▶ [TASK TO CARRY OUT] What you return should be exactly the lines from the one containing "Integrator1 : Integrator" down to the final line of the listing, with nothing else.

▶ [SUPPLIED ENTRIES]

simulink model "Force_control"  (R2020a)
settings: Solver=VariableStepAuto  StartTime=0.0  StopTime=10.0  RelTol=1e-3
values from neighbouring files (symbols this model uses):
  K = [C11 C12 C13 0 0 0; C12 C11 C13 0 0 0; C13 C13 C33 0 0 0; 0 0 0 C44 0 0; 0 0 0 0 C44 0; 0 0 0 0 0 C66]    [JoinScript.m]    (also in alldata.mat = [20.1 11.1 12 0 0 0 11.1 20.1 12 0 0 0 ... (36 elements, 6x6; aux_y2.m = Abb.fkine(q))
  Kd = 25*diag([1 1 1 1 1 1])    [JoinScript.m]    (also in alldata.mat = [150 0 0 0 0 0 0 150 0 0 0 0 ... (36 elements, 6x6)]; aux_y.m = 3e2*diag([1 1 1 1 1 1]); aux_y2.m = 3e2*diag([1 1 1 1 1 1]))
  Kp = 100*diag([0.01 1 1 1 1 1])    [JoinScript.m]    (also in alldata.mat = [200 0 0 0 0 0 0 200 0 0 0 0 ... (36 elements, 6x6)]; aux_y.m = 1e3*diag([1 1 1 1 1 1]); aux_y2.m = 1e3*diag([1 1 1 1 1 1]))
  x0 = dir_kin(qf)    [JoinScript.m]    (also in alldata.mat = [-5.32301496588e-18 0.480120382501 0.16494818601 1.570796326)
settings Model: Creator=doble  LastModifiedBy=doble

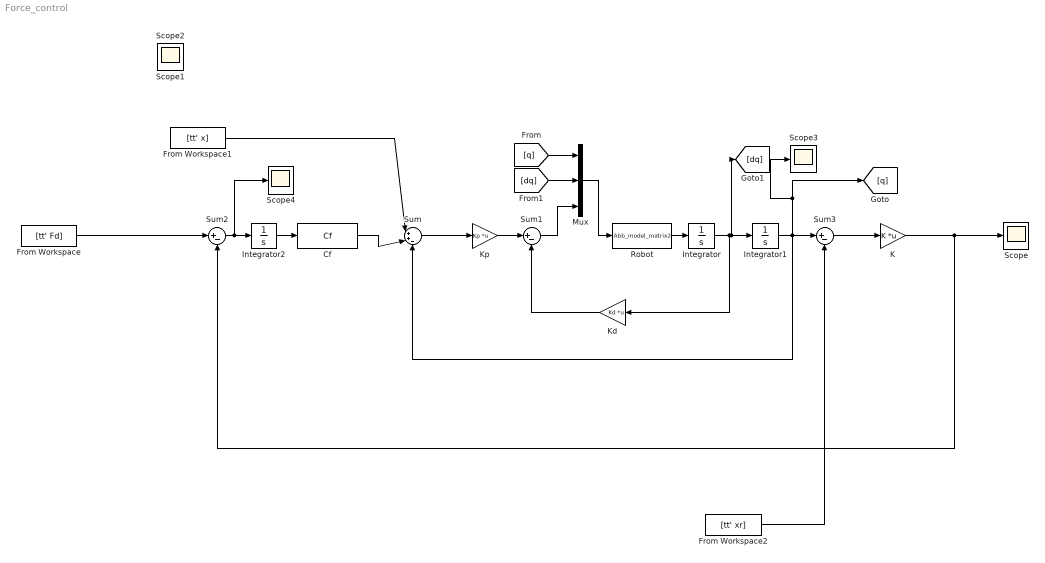
== system Force_control ==
  Cf : MATLABFcn  MATLABFcn=Cf  OutputDimensions=6*1
  From Workspace : FromWorkspace  VariableName=[tt' Fd]
  From Workspace1 : FromWorkspace  VariableName=[tt' x]
  From Workspace2 : FromWorkspace  VariableName=[tt' xr]
  Integrator : Integrator
  Integrator1 : Integrator  InitialCondition=x0
  Integrator2 : Integrator
  K : Gain  Gain=K  Multiplication=Matrix(K*u)
  Kd : Gain  Gain=Kd  Multiplication=Matrix(K*u)
  Kp : Gain  Gain=Kp  Multiplication=Matrix(K*u)
  Mux : Mux  Inputs=3
  Robot : MATLABFcn  MATLABFcn=Abb_model_matrix2  OutputDimensions=6*1
  Scope{,1..4} (5 alike) : Scope
  Sum : Sum  Inputs=|++-
  Sum1 : Sum  Inputs=|+-
  Sum2 : Sum  Inputs=|+-
  Sum3 : Sum  Inputs=|+-
  wires:
  From Workspace1/1 -> Sum/1
  Cf/1 -> Sum/2
  Sum/1 -> Kp/1
  Sum3/1 -> K/1
  Kp/1 -> Sum1/1
  Integrator/1 -> Kd/1, [dq], Integrator1/1
  Integrator1/1 -> [q], Scope3/1, Sum/3, Sum3/1
  Kd/1 -> Sum1/2
  K/1 -> Sum2/2, Scope/1
  From Workspace2/1 -> Sum3/2
  Integrator2/1 -> Cf/1
  Sum2/1 -> Scope4/1, Integrator2/1
  From Workspace/1 -> Sum2/1
  Robot/1 -> Integrator/1
  Mux/1 -> Robot/1
  Sum1/1 -> Mux/3
  [q] -> Mux/1
  [dq] -> Mux/2

▶ [ANSWER TO THIS TASK]
  Integrator1 : Integrator  InitialCondition=x0
  Integrator2 : Integrator
  K : Gain  Gain=K  Multiplication=Matrix(K*u)
  Kd : Gain  Gain=Kd  Multiplication=Matrix(K*u)
  Kp : Gain  Gain=Kp  Multiplication=Matrix(K*u)
  Mux : Mux  Inputs=3
  Robot : MATLABFcn  MATLABFcn=Abb_model_matrix2  OutputDimensions=6*1
  Scope{,1..4} (5 alike) : Scope
  Sum : Sum  Inputs=|++-
  Sum1 : Sum  Inputs=|+-
  Sum2 : Sum  Inputs=|+-
  Sum3 : Sum  Inputs=|+-
  wires:
  From Workspace1/1 -> Sum/1
  Cf/1 -> Sum/2
  Sum/1 -> Kp/1
  Sum3/1 -> K/1
  Kp/1 -> Sum1/1
  Integrator/1 -> Kd/1, [dq], Integrator1/1
  Integrator1/1 -> [q], Scope3/1, Sum/3, Sum3/1
  Kd/1 -> Sum1/2
  K/1 -> Sum2/2, Scope/1
  From Workspace2/1 -> Sum3/2
  Integrator2/1 -> Cf/1
  Sum2/1 -> Scope4/1, Integrator2/1
  From Workspace/1 -> Sum2/1
  Robot/1 -> Integrator/1
  Mux/1 -> Robot/1
  Sum1/1 -> Mux/3
  [q] -> Mux/1
  [dq] -> Mux/2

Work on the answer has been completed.